Hyperparameter Optimization with Optuna¶
This guide demonstrates how to use Optuna for hyperparameter optimization in FusionBench. We'll walk through optimizing the scaling factor for the Task Arithmetic algorithm using automated hyperparameter search.
Overview¶
Hyperparameter optimization is crucial for achieving optimal model fusion performance. Instead of manually testing different parameter combinations, Optuna provides intelligent search strategies to find the best hyperparameters efficiently.
The example shows how to optimize the scaling_factor
parameter of the TaskArithmeticAlgorithm
across multiple CLIP models.
Prerequisites¶
Install Optuna if you haven't already:
Implementation¶
The complete implementation can be found in examples/hyperparam_search/task_arithmetic.py:
1. Setup and Configuration¶
import os
import lightning as L
import optuna
from hydra import compose, initialize
from fusion_bench import instantiate
from fusion_bench.method import TaskArithmeticAlgorithm
from fusion_bench.modelpool import CLIPVisionModelPool
from fusion_bench.scripts.cli import _get_default_config_path
from fusion_bench.taskpool import CLIPVisionModelTaskPool
# Initialize Lightning Fabric for efficient computation
fabric = L.Fabric(accelerator="auto", devices=1)
# Load configuration using Hydra
with initialize(
version_base=None,
config_path=os.path.relpath(
_get_default_config_path(), start=os.path.dirname(__file__)
),
):
cfg = compose(
config_name="fabric_model_fusion",
overrides=[
"modelpool=CLIPVisionModelPool/clip-vit-base-patch32_TA8",
"taskpool=CLIPVisionModelTaskPool/clip-vit-classification_TA8",
],
)
modelpool: CLIPVisionModelPool = instantiate(cfg.modelpool)
taskpool: CLIPVisionModelTaskPool = instantiate(cfg.taskpool)
taskpool._fabric_instance = fabric
2. Define the Objective Function¶
The objective function evaluates model performance for a given set of hyperparameters:
def average_accuracy(trial: optuna.Trial) -> float:
# Suggest a scaling factor value between 0.0 and 1.0
scaling_factor = trial.suggest_float("x", 0.0, 1.0)

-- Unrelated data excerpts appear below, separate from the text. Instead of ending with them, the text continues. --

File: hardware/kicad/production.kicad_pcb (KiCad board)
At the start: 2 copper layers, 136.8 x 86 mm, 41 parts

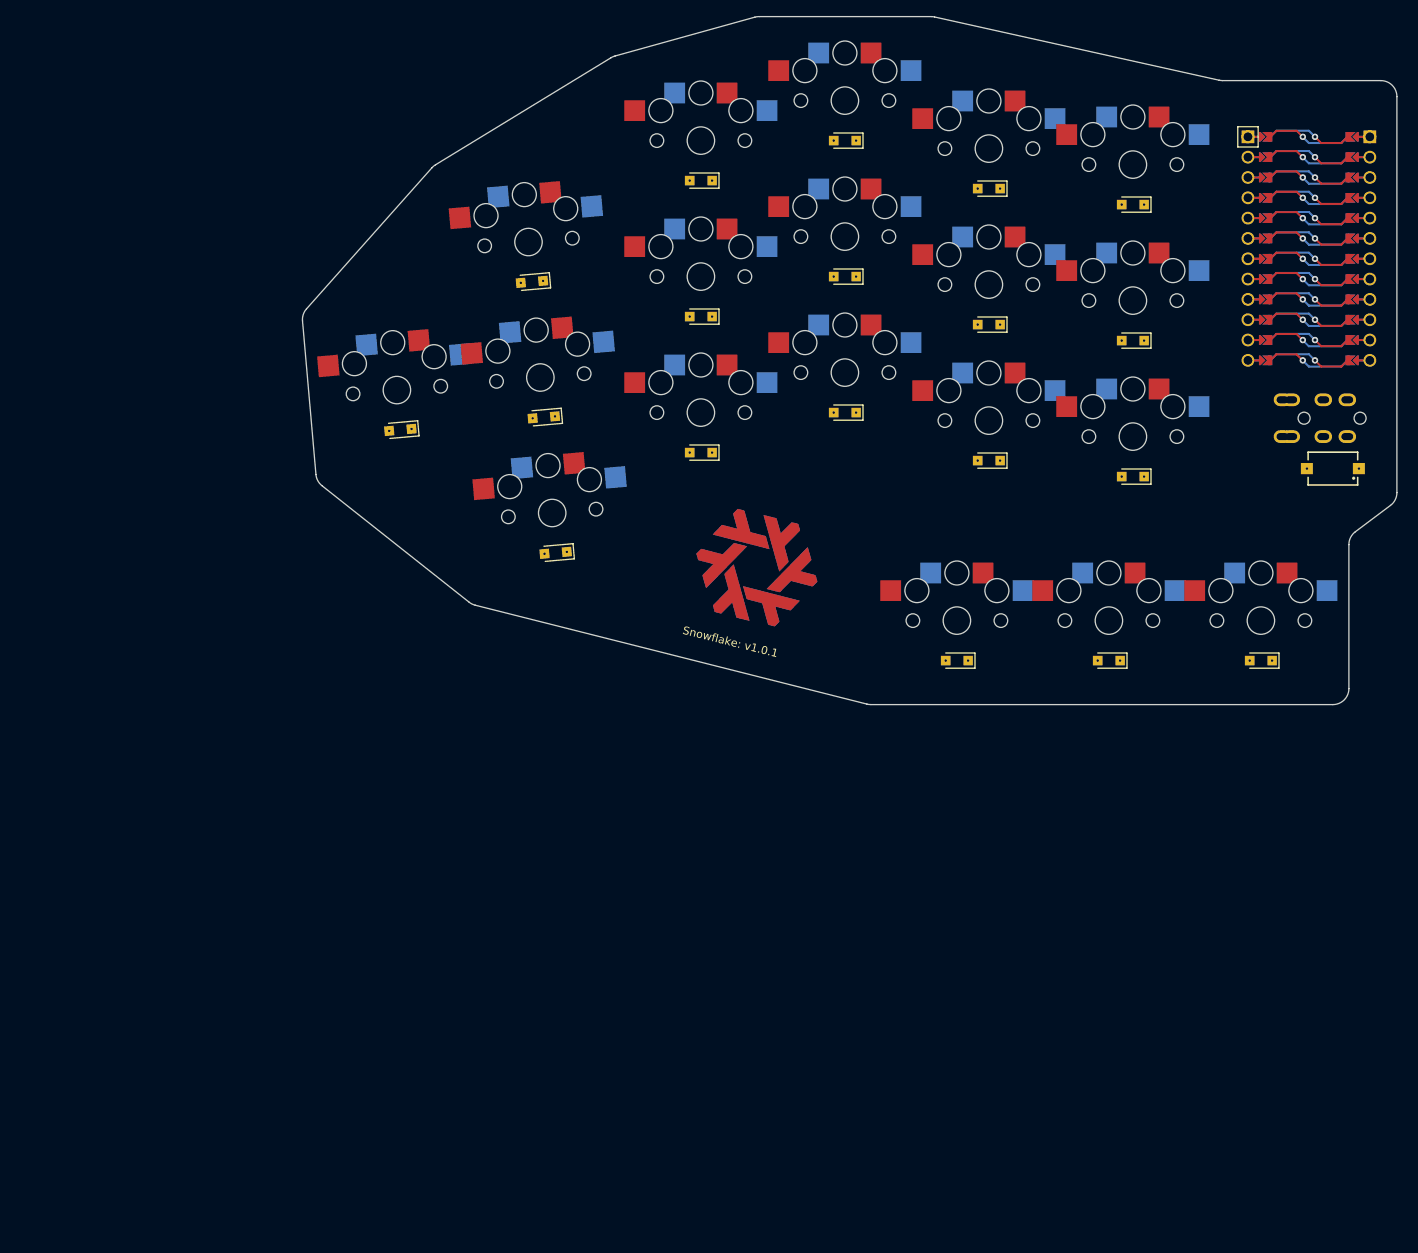
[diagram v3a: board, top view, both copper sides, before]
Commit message: wired the keyboard
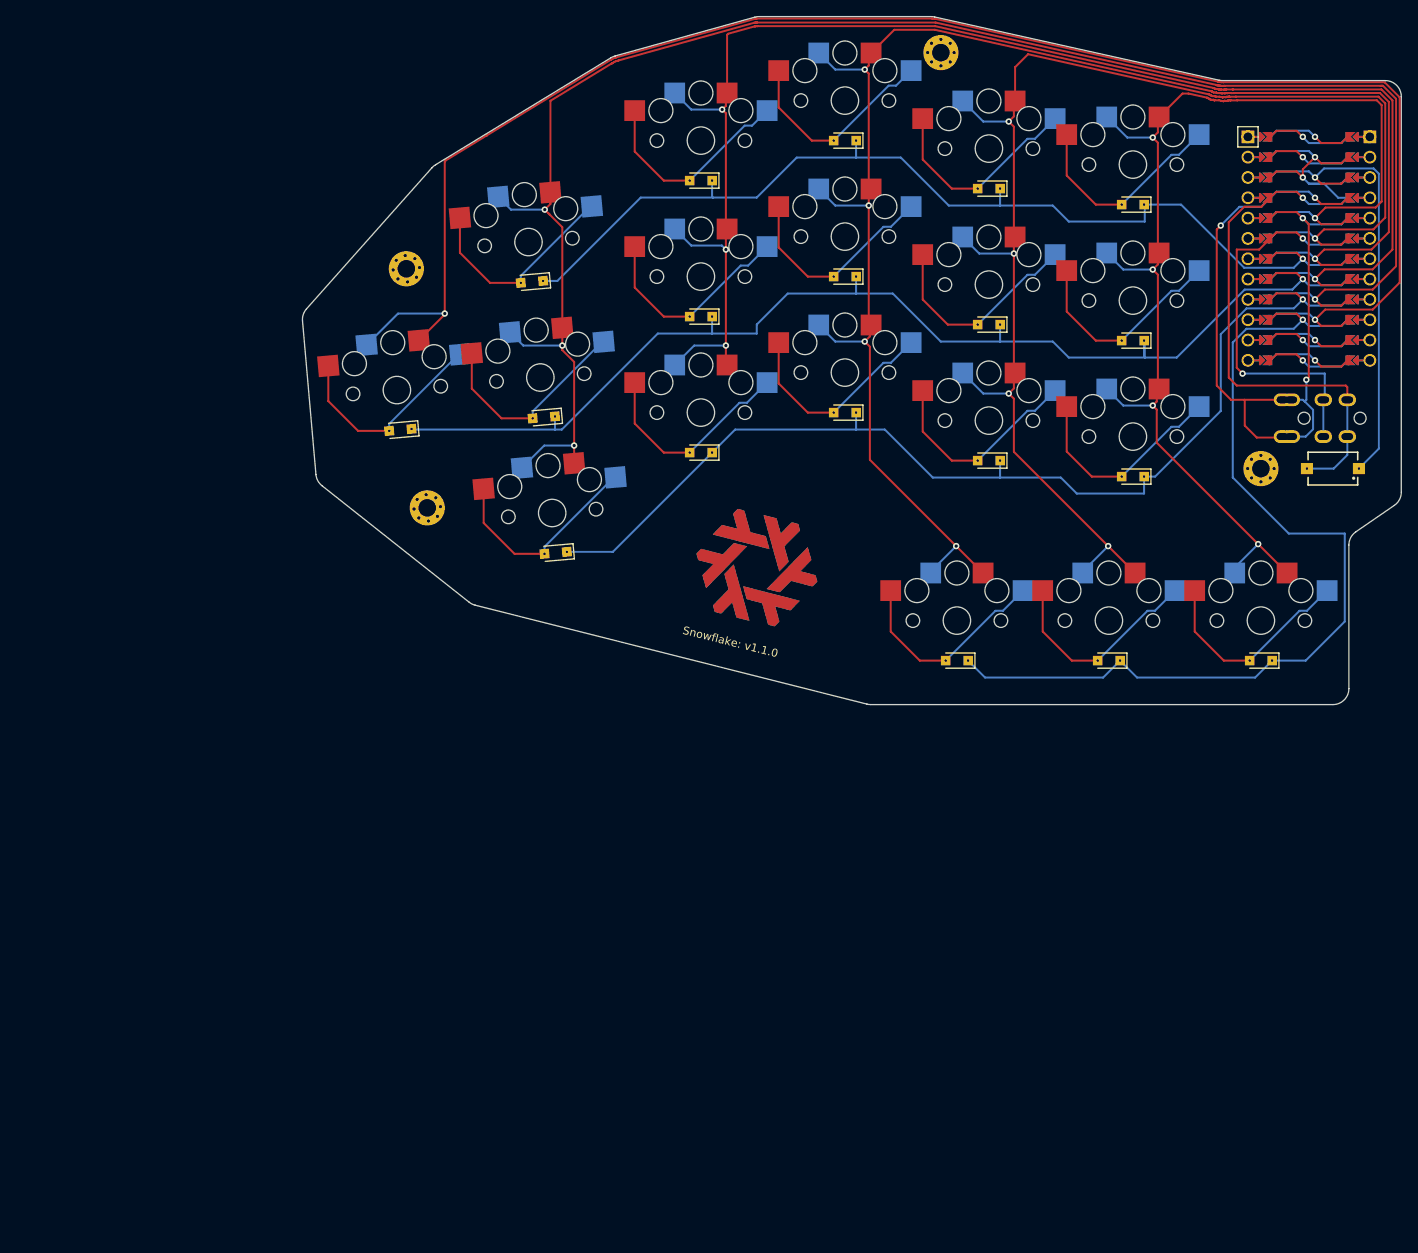
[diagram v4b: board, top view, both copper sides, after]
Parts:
- added _1: , MountingHole_2.2mm_M2_Pad_Via, F.Cu at (166.5, 40.9)
- added _2: , MountingHole_2.2mm_M2_Pad_Via, F.Cu at (206.5, 92.9)
- added _3: , MountingHole_2.2mm_M2_Pad_Via, F.Cu at (99.7, 67.9)
- added _4: , MountingHole_2.2mm_M2_Pad_Via, F.Cu at (102.3, 97.8)
- D1, D10, D11, D12, D13, D14, D15, D16, D17, D18, D19, D2, D3, D4, D5, D6, D7, D8, D9: moved to F.Cu
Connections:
- D1 pad 1: P0 -> P5
- D10 pad 1: P1 -> P4
- D11 pad 1: P4 -> P6
- D12 pad 1: P0 -> P5
- D13 pad 1: P1 -> P4
- D14 pad 1: P4 -> P6
- D15 pad 1: P0 -> P5
- D16 pad 1: P1 -> P4
- D17 pad 1: P5 -> P7
- D18 pad 1: P5 -> P7
- D19 pad 1: P5 -> P7
- D2 pad 1: P4 -> P6
- D3 pad 1: P0 -> P5
- D4 pad 1: P1 -> P4
- D5 pad 1: P4 -> P6
- D6 pad 1: P0 -> P5
- D7 pad 1: P1 -> P4
- D8 pad 1: P4 -> P6
- D9 pad 1: P0 -> P5
- S1 pad 1: P6 -> P14
- S10 pad 1: P9 -> P19
- S11 pad 1: P21 -> P20
- S12 pad 1: P21 -> P20
- S13 pad 1: P21 -> P20
- S14 pad 1: P20 -> P21
- S15 pad 1: P20 -> P21
- S16 pad 1: P20 -> P21
- S17 pad 1: P9 -> P19
- S18 pad 1: P21 -> P20
- S19 pad 1: P20 -> P21
- S2 pad 1: P7 -> P15
- S3 pad 1: P7 -> P15
- S4 pad 1: P7 -> P15
- S5 pad 1: P8 -> P18
- S6 pad 1: P8 -> P18
- S7 pad 1: P8 -> P18
- S8 pad 1: P9 -> P19
- S9 pad 1: P9 -> P19
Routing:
- net (no net): track 262.1 -> 0.00 mm
- net P15: track 0.00 -> 222.0 mm, vias 1 -> 4
- net P14: track 0.00 -> 207.1 mm, vias 1 -> 2
- net P19: track 0.00 -> 202.6 mm, vias 1 -> 5
- net P18: track 0.00 -> 189.2 mm, vias 1 -> 4
- net P20: track 0.00 -> 179.5 mm, vias 1 -> 5
- net P21: track 0.00 -> 152.2 mm, vias 1 -> 5
- net P5: track 0.00 -> 149.6 mm
- net P6: track 0.00 -> 133.7 mm
- net P4: track 0.00 -> 127.9 mm
- net P7: track 0.00 -> 118.3 mm
- net GND: track 0.00 -> 96.9 mm
- net RST: track 0.00 -> 57.5 mm
- net VCC: track 0.00 -> 55.7 mm, vias 1 -> 2
- net P3: track 0.00 -> 49.7 mm, vias 1 -> 2
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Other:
- board size 136.8 x 86 mm -> 137.4 x 86 mm
- net class Default removed
- board text added: "Snowflake: v1.1.0"
- board text removed: "Snowflake: v1.0.1"

# Create algorithm with the suggested hyperparameter
algorithm = TaskArithmeticAlgorithm(scaling_factor=scaling_factor)
# Run model fusion
merged_model = algorithm.run(modelpool)
# Evaluate the merged model
report = taskpool.evaluate(merged_model)
# Return the metric to optimize (average accuracy across tasks)
return report["average"]["accuracy"]
3. Run Optimization Study¶
# Create an Optuna study with SQLite storage for persistence
study = optuna.create_study(
storage="sqlite:///hyperparam_search.db",
study_name="arithmetic_task_on_eight_clip_models",
direction=optuna.study.StudyDirection.MAXIMIZE,
)
# Optimize for 20 trials
study.optimize(average_accuracy, n_trials=20)
# Print the best results
print(f"Best value: {study.best_value} (params: {study.best_params})")
The example uses SQLite storage (sqlite:///hyperparam_search.db
) to persist optimization results. This allows you to:
- Resume interrupted studies
- Analyze results later
- Share studies across different runs
Running the Example¶
Execute the hyperparameter optimization:
Launch the Optuna dashboard to visualize optimization results:
This opens a web interface (typically at http://localhost:8080
) where you can:
- View optimization history and parameter importance
- Analyze trial performance with interactive plots
- Compare different hyperparameter combinations
- Monitor convergence and identify optimal regions
The dashboard provides insights into how different scaling factors affect model performance, helping you understand the hyperparameter landscape.